• _Exercise data_
# # # #
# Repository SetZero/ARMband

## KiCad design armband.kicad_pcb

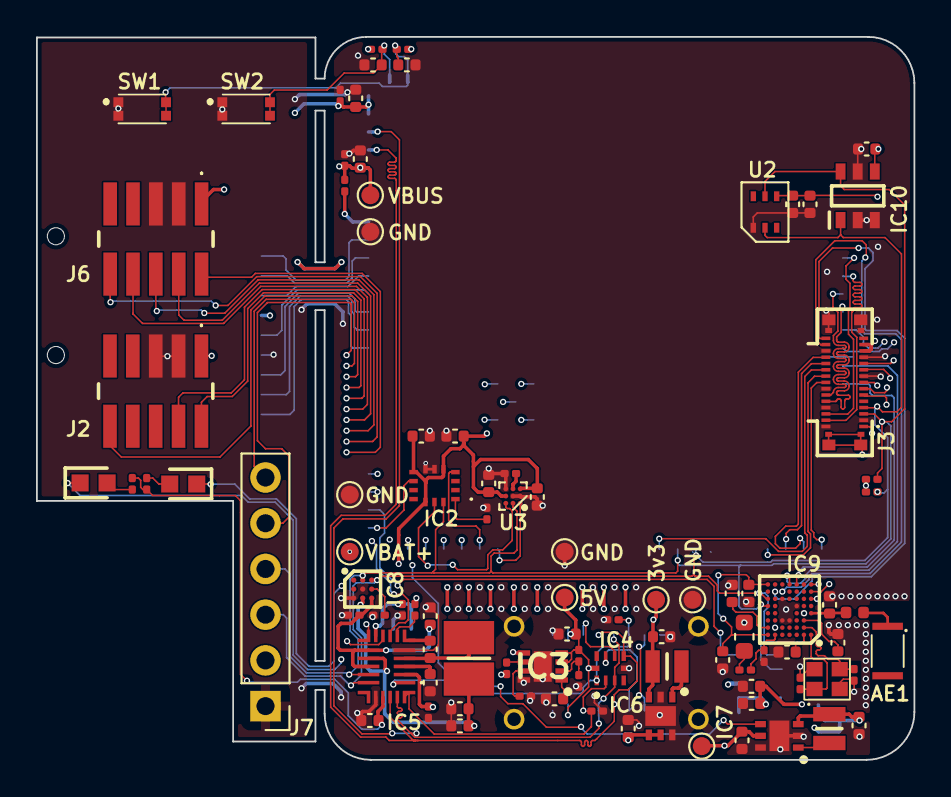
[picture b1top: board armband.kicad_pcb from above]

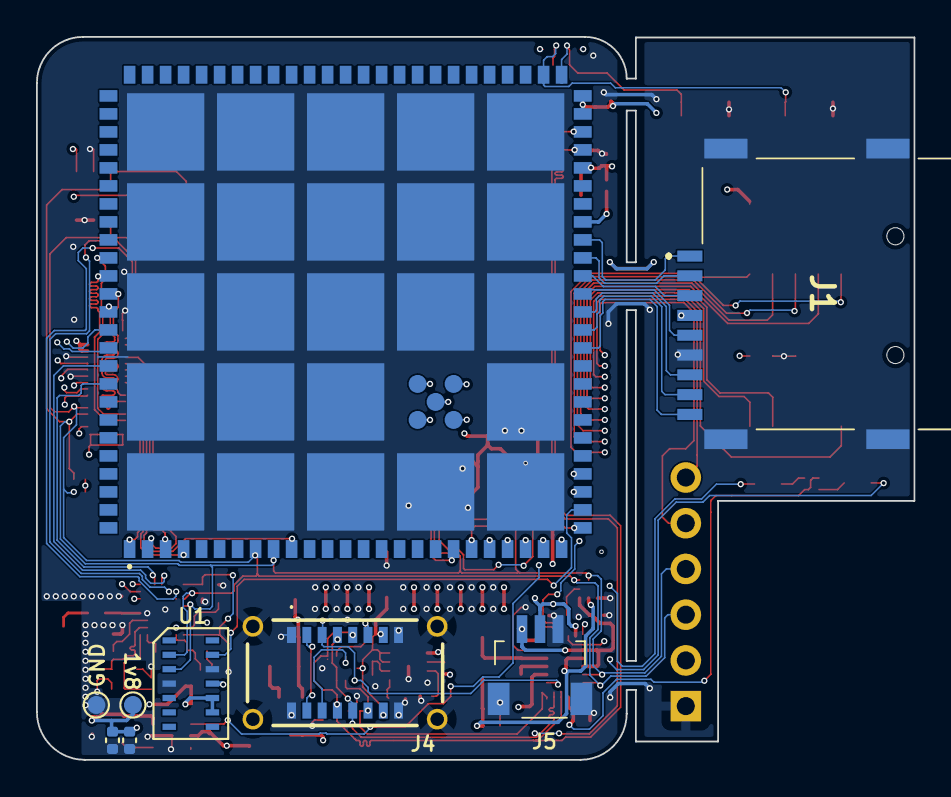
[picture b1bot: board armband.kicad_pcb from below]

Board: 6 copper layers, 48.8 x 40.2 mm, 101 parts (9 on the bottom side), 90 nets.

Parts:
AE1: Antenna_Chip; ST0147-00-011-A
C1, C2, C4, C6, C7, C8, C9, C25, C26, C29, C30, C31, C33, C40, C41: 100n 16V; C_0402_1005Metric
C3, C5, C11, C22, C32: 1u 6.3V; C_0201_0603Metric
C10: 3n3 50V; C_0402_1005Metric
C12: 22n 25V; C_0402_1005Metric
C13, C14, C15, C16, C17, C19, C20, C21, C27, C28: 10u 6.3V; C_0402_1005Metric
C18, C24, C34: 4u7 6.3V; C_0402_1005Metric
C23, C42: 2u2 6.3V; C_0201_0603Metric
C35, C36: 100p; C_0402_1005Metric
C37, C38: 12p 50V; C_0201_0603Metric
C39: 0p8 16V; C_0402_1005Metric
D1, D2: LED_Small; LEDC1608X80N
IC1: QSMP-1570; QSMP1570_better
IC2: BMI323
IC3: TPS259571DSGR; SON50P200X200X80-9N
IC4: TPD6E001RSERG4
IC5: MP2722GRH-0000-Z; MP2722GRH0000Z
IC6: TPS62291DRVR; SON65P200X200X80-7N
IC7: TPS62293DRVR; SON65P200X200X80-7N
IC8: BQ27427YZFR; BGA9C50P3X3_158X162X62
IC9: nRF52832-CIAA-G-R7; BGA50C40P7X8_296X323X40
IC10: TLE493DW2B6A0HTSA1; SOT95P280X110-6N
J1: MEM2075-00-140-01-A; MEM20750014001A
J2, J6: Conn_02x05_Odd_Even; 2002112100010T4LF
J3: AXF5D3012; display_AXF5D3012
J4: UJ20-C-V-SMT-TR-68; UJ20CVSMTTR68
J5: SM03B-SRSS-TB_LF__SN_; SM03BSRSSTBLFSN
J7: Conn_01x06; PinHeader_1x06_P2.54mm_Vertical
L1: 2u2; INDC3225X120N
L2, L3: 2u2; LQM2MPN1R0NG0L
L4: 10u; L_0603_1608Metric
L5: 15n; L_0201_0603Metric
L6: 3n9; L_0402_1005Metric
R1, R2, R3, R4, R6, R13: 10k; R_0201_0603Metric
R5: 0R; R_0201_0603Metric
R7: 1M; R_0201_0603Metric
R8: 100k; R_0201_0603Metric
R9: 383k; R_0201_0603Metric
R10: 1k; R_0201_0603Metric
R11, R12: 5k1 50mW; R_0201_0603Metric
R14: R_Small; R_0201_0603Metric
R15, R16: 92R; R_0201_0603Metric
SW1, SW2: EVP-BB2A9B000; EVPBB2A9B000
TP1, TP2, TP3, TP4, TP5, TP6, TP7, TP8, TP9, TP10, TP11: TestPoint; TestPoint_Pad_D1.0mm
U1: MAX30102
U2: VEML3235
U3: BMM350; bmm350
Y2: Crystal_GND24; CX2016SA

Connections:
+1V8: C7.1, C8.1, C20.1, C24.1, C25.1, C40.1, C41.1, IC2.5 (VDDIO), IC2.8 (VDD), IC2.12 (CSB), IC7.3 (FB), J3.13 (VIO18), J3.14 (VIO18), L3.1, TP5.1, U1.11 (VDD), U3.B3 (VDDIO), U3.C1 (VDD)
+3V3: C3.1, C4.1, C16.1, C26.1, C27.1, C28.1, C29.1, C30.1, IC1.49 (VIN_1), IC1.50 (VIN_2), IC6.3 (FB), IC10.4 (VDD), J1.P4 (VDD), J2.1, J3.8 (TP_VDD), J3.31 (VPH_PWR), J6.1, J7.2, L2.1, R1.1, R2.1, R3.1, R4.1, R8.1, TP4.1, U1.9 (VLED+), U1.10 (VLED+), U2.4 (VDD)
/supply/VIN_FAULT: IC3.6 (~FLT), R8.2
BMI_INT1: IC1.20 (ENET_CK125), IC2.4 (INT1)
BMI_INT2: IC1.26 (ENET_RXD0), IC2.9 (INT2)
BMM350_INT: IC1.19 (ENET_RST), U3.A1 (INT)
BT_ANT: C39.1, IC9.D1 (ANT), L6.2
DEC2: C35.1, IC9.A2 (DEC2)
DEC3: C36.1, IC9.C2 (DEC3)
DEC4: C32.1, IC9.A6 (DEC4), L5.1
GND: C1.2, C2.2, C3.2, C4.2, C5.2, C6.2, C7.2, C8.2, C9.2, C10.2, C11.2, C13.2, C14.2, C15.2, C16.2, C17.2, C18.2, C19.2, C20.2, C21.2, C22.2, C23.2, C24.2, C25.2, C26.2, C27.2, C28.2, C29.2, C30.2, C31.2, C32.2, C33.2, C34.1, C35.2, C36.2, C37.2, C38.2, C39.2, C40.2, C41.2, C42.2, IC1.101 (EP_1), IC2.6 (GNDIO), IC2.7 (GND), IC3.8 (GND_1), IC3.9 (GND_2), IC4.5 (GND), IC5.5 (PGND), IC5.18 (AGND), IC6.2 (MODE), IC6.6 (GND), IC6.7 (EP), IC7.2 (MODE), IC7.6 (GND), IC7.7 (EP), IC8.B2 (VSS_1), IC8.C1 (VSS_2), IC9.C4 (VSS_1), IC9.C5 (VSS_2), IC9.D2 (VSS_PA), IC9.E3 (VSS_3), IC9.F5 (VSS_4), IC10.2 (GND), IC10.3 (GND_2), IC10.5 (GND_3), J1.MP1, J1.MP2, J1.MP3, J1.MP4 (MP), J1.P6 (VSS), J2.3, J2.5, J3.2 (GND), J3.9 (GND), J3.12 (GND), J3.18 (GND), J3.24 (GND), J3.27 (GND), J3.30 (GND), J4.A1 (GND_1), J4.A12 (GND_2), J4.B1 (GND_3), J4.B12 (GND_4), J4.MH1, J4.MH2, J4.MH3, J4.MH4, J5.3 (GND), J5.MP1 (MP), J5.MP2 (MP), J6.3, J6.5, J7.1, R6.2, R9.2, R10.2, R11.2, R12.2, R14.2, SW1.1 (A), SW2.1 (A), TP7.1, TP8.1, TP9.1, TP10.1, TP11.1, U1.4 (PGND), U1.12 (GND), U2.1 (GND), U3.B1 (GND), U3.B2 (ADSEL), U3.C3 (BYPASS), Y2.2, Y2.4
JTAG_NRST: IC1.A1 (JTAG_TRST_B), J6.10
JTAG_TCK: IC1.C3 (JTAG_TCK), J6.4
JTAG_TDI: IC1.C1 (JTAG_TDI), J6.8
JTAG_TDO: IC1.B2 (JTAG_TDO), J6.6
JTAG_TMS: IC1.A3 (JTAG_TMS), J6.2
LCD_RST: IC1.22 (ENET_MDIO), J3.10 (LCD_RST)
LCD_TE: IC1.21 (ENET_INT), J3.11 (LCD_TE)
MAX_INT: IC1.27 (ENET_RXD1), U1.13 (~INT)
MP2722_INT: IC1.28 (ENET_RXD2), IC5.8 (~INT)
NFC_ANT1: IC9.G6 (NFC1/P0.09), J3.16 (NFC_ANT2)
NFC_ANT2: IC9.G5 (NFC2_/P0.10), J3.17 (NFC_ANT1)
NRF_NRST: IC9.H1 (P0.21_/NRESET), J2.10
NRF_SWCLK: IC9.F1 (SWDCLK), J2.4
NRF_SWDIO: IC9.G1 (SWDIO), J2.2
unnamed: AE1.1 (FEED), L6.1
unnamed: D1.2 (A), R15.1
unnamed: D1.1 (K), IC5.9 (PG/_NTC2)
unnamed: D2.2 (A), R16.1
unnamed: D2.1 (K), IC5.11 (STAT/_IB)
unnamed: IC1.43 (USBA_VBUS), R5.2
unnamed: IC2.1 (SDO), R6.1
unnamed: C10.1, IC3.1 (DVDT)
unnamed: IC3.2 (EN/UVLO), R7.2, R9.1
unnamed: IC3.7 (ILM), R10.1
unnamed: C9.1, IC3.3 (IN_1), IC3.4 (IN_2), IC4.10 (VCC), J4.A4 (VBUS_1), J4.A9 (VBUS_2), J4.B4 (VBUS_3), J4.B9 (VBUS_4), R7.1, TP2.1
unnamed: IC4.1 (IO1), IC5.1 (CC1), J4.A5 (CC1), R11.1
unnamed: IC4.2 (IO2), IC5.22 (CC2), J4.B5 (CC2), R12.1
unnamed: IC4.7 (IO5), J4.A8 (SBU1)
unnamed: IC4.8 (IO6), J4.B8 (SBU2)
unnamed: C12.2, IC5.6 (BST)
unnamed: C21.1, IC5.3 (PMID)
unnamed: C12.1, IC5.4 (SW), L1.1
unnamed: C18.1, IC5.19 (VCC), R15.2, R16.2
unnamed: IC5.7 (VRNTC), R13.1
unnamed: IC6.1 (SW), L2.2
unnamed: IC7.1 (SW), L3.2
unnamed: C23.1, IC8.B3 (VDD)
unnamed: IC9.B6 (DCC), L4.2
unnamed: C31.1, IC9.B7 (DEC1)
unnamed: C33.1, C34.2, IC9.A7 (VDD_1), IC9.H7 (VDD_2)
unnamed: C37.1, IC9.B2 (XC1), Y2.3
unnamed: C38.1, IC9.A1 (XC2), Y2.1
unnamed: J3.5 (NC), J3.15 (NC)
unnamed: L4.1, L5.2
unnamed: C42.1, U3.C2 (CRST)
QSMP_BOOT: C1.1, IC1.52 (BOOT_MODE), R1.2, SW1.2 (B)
# # # #
• _What to work on_
Give back the lines word for word, from the very first in the material above to the one that has "C12: 22n 25V; C_0402_1005Metric", both included, without the pictures.

• _Written reply_
# Repository SetZero/ARMband

## KiCad design armband.kicad_pcb

[picture b1top: board armband.kicad_pcb from above]

[picture b1bot: board armband.kicad_pcb from below]

Board: 6 copper layers, 48.8 x 40.2 mm, 101 parts (9 on the bottom side), 90 nets.

Parts:
AE1: Antenna_Chip; ST0147-00-011-A
C1, C2, C4, C6, C7, C8, C9, C25, C26, C29, C30, C31, C33, C40, C41: 100n 16V; C_0402_1005Metric
C3, C5, C11, C22, C32: 1u 6.3V; C_0201_0603Metric
C10: 3n3 50V; C_0402_1005Metric
C12: 22n 25V; C_0402_1005Metric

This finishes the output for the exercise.